Demographics: 57% male; 70% Caucasian, 20% Asian, 7% African American; 77% off therapy; 40% Leukemia/Lymphoma, 20% Solid tumors, 20% CNS tumors, 20% Unknown. Mean steps/day increased during camp by 7709 (p < .001; 95% CI; 6209 to 9210). Fatigue (p=0.47), anxiety (p=.021) and depression (p=.005) all decreased during camp. Weak non–significant negative correlation, in first 24 samples, between change in oxidative stress and physical activity (r = –.144; p=.50).

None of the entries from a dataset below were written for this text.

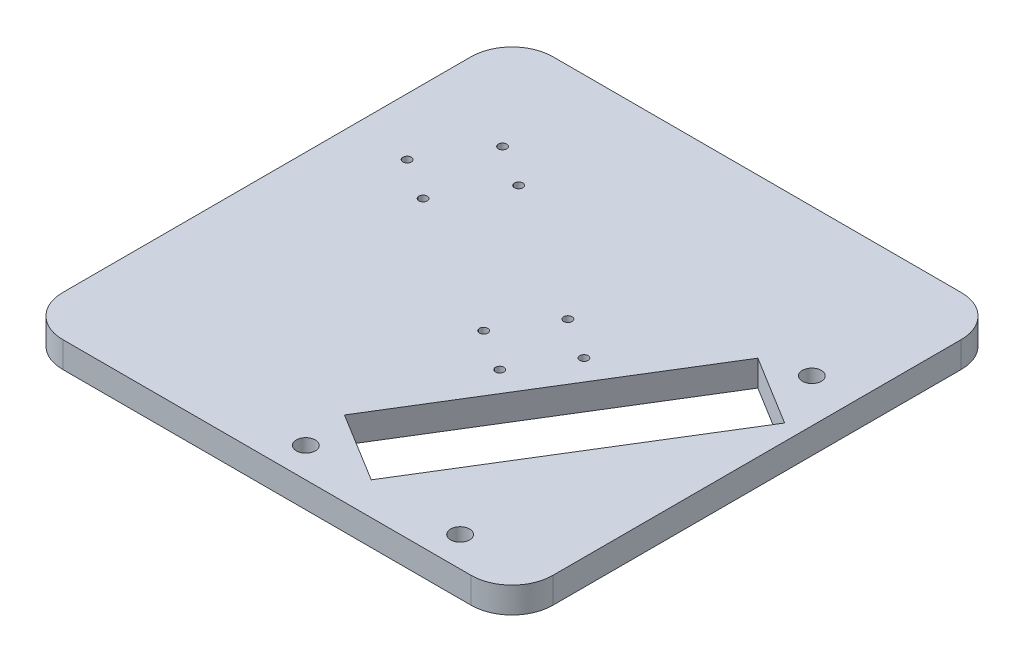
SolidWorks part; units mm, degrees
material "Beech"
ref_plane "Front Plane" through (0, 0, 0) normal (0, 0, 1) x (1, 0, 0)
ref_plane "Top Plane" through (0, 0, 0) normal (0, 1, 0) x (1, 0, 0)
ref_plane "Right Plane" through (0, 0, 0) normal (1, 0, 0) x (0, 0, -1)
sketch "Sketch1" plane through (0, 0, 0) normal (0, 1, 0) x (1, 0, 0)
  line L1 (10, 0) -> (110, 0)
  line L2 (0, 10) -> (0, 110)
  line L3 (10, 120) -> (110, 120)
  line L4 (120, 10) -> (120, 110)
  arc A0 (110, 0) -> (120, 10) centre (110, 10) ccw
  arc A1 (10, 0) -> (0, 10) centre (10, 10) cw
  arc A2 (0, 110) -> (10, 120) centre (10, 110) cw
  arc A3 (110, 120) -> (120, 110) centre (110, 110) cw
  point P7 (120, 0)
  point P10 (0, 0)
  point P13 (0, 120)
  point P16 (120, 120)
  dimension "D3" = 10
  dimension "D1" = 120
  dimension "D2" = 120
extrude "Boss-Extrude1" add sketch "Sketch1" along normal blind 6.35
sketch "Sketch2" plane through (0, 6.35, 0) normal (0, 1, 0) x (1, 0, 0)
  line L0 (58.0317, 5) -> (102.0317, 5) construction
  line L1 (102.0317, 5) -> (113, 94.33) construction
  line L2 (113, 94.33) -> (58.0317, 5) construction
  line L5 (60.4717, 18.5061) -> (77.5052, 8.0247)
  line L6 (77.5052, 8.0247) -> (116.0663, 70.6909)
  line L7 (116.0663, 70.6909) -> (99.0328, 81.1723)
  line L8 (60.4717, 18.5061) -> (99.0328, 81.1723)
  line L9 (10, 0) -> (110, 0) construction
  line L10 (120, 10) -> (120, 110) construction
  circle A0 centre (62.1922, 7.325) radius 2.325
  circle A1 centre (99.9747, 7.325) radius 2.325
  circle A2 centre (109.3931, 84.0319) radius 2.325
  dimension "D6" = 4.65
  dimension "D7" = 4.65
  dimension "D8" = 4.65
  dimension "D1" = 97
  dimension "D2" = 44
  dimension "D3" = 89.33
  dimension "D4" = 5
  dimension "D5" = 7
  dimension "D9" = 20
  dimension "D10" = 73.58
  dimension "D11" = 5
  dimension "D12" = 7.865
  dimension "D13" = 8.6209
extrude "Cut-Extrude1" cut sketch "Sketch2" against normal through all
sketch "Sketch5" plane through (0, 6.35, 0) normal (0, 1, 0) x (1, 0, 0)
  line L0 (79.7522, 49.8392) -> (0, 98.9139) construction
  line L1 (99.0328, 81.1723) -> (60.4717, 18.5061) construction
  line L2 (0, 110) -> (0, 10) construction
  circle A0 centre (69.86, 47.1201) radius 1.025
  circle A1 centre (59.6399, 53.409) radius 1.025
  circle A2 centre (77.721, 59.8952) radius 1.025
  circle A3 centre (67.5009, 66.1841) radius 1.025
  circle A4 centre (13.977, 80.333) radius 1.025
  circle A5 centre (24.1971, 74.0441) radius 1.025
  circle A6 centre (33.1063, 88.5226) radius 1.025
  circle A7 centre (22.8862, 94.8115) radius 1.025
  dimension "D2" = 2.05
  dimension "D3" = 2.05
  dimension "D4" = 2.05
  dimension "D5" = 2.05
  dimension "D14" = 2.05
  dimension "D15" = 2.05
  dimension "D16" = 2.05
  dimension "D17" = 2.05
  dimension "D1" = 90
  dimension "D6" = 7.5
  dimension "D7" = 7.5
  dimension "D8" = 7.5
  dimension "D9" = 7.5
  dimension "D10" = 7
  dimension "D11" = 7
  dimension "D12" = 12
  dimension "D13" = 12
  dimension "D18" = 8.5
  dimension "D19" = 8.5
  dimension "D20" = 8.5
  dimension "D21" = 8.5
  dimension "D22" = 60
  dimension "D23" = 60
  dimension "D24" = 12
  dimension "D25" = 12
extrude "Cut-Extrude2" cut sketch "Sketch5" against normal through all
sketch "Sketch4" plane through (0, 0, 0) normal (0, -1, 0) x (1, 0, 0)
  line L0 (79.7522, -49.8392) -> (96.7857, -39.3578) construction
  line L1 (99.0328, -81.1723) -> (60.4717, -18.5061) construction
  line L2 (77.5052, -8.0247) -> (116.0663, -70.6909) construction
sketch "Sketch6" plane through (0, 6.35, 0) normal (0, 1, 0) x (1, 0, 0)
  line L0 (79.7522, 49.8392) -> (96.7857, 39.3578) construction
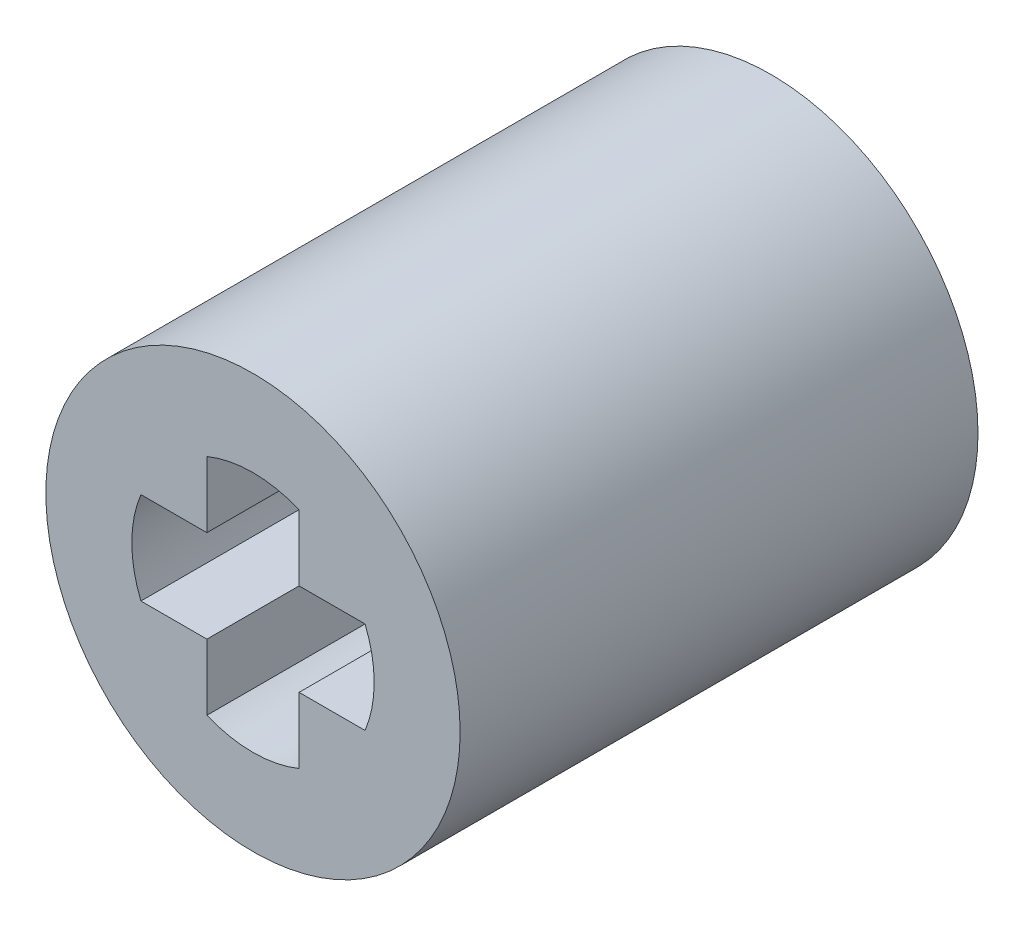
SolidWorks part; units mm, degrees
ref_plane "Front Plane" through (0, 0, 0) normal (0, 0, 1) x (1, 0, 0)
ref_plane "Top Plane" through (0, 0, 0) normal (0, 1, 0) x (1, 0, 0)
ref_plane "Right Plane" through (0, 0, 0) normal (1, 0, 0) x (0, 0, -1)
sketch "Sketch1" plane through (0, 0, 0) normal (0, 0, 1) x (1, 0, 0)
  line L0 (-0.89, 2.1641) -> (-0.89, -2.1641)
  line L2 (0.89, -2.1641) -> (0.89, 2.1641)
  line L4 (-1.118, 1) -> (1.118, 1)
  line L5 (-2.1641, 0.89) -> (2.1641, 0.89)
  line L7 (-2.1641, -0.89) -> (2.1641, -0.89)
  circle A0 centre (0, 0) radius 2.34
  circle A1 centre (0, 0) radius 1.5
  circle A2 centre (0, 0) radius 4
  dimension "D1" = 4.68
  dimension "D3" = 3
  dimension "D8" = 8
  dimension "D2" = 1.78
  dimension "D4" = 1
  dimension "D5" = 1.78
  dimension "D6" = 0.89
  dimension "D7" = 0.89
extrude "Boss-Extrude1" add sketch "Sketch1" along normal blind 5 contours A2 A0 | A1 L0 A0 L5 | A1 L5 A0 L2 | L4 A1 L5 L0 | L0 A1 L4 | L4 A1 L2 | L5 A1 L4 L2 | L2 A1 L7 | A1 L2 A0 L7 | A1 L7 A0 L0 | L7 A1 L0 region at (-1.3916, 1.3916, 0) region at (-0.9686, 1.0715, 0) region at (1.3916, 1.3916, 0) region at (-1.0283, 0.942, 0) region at (0.9686, 1.0715, 0) region at (-1.3916, -1.3916, 0) region at (1.0283, 0.942, 0) region at (-1.0011, -1.0011, 0) region at (1.3916, -1.3916, 0) region at (1.0011, -1.0011, 0) region at (-3.8869, 0, 0)
extrude "Boss-Extrude2" add sketch "Sketch1<3>" against normal blind 5 contours A2 A0 | A1 L2 A0 L7 | A1 L7 A0 L5 | A1 L5 A0 L2 | A1 L2 A0 L0 | A1 L0 A0 L5 | A1 L5 A0 L7 | A1 L7 A0 L0 | L4 A1 L2 | L2 A1 L0 L4 | L0 A1 L4 | A1 L0 A0 L2 region at (0, 1.8418, 0) region at (-1.3916, 1.3916, 0) region at (0, 1.2124, 0) region at (-0.9686, 1.0715, 0) region at (1.3916, 1.3916, 0) region at (-1.8418, 0, 0) region at (0.9686, 1.0715, 0) region at (1.8418, 0, 0) region at (-1.3916, -1.3916, 0) region at (0, -1.8418, 0) region at (1.3916, -1.3916, 0) region at (-3.8869, 0, 0)
sketch "Sketch1<3>" plane through (0, 0, 0) normal (0, 0, 1) x (1, 0, 0) same geometry as "Sketch1"

Disclaimer: [1 CH] will be awarded for attending all three paper presentations presented during this timeslot. Partial credit is not available.

4:45 –5:45 pm

A Tale of Two MABs: Blinatumomab and Inotuzumab in COG Clinical Trials for Relapsed B ALL (C211)

coglogo

1CNE  Survival for pediatric patients with relapsed B lineage acute lymphoblastic leukemia (ALL) is sub-optimal. Traditionally, treatment protocols for relapsed ALL have relied on cytotoxic chemotherapy. Despite substantial acute and long-term toxicity, there has been no significant improvement in survival in patients treated on these protocols over the past several decades. Chemoresistance is commonly cited as a reason for treatment failure. Treatment failure is defined as either the inability to achieve clinical remission post-relapse or a subsequent relapse following traditional therapy that includes intensified chemotherapy with or without stem cell transplant. The ideal therapy would be the use of a cellular targeted approach that destroys leukemia cells but spares other cells and improves response and survival while minimizing distressing and sometimes life-threatening toxicities. Early phase clinical trials with the synthetic antibodies Blinatumomab (BiTE) and Inotuzumab (INO) have shown great promise in achieving clinical response in heavily pre-treated pediatric and adult patients with relapsed and refractory ALL. This session will detail the targeted approach of these novel antibodies and their unique mechanisms of action: Blinatumomab modulates the immune system to destroy cancer cells, while Inotuzumab provides a link to deliver cytotoxic treatment directly to the cancer cell. These two novel agents will be compared, including their reported efficacy from early phase trials, toxicity profiles, and administration principles. Highlights from the current COG clinical trials AALL1331 and AALL1621 will be reviewed, with a focus on the uniqueness of each trial, including phase type and eligibility criteria. Additionally, AALL1331 has been activated since December 2014, providing an opportunity to share clinical examples and practical tips regarding the nursing care of patients receiving Blinatumomab.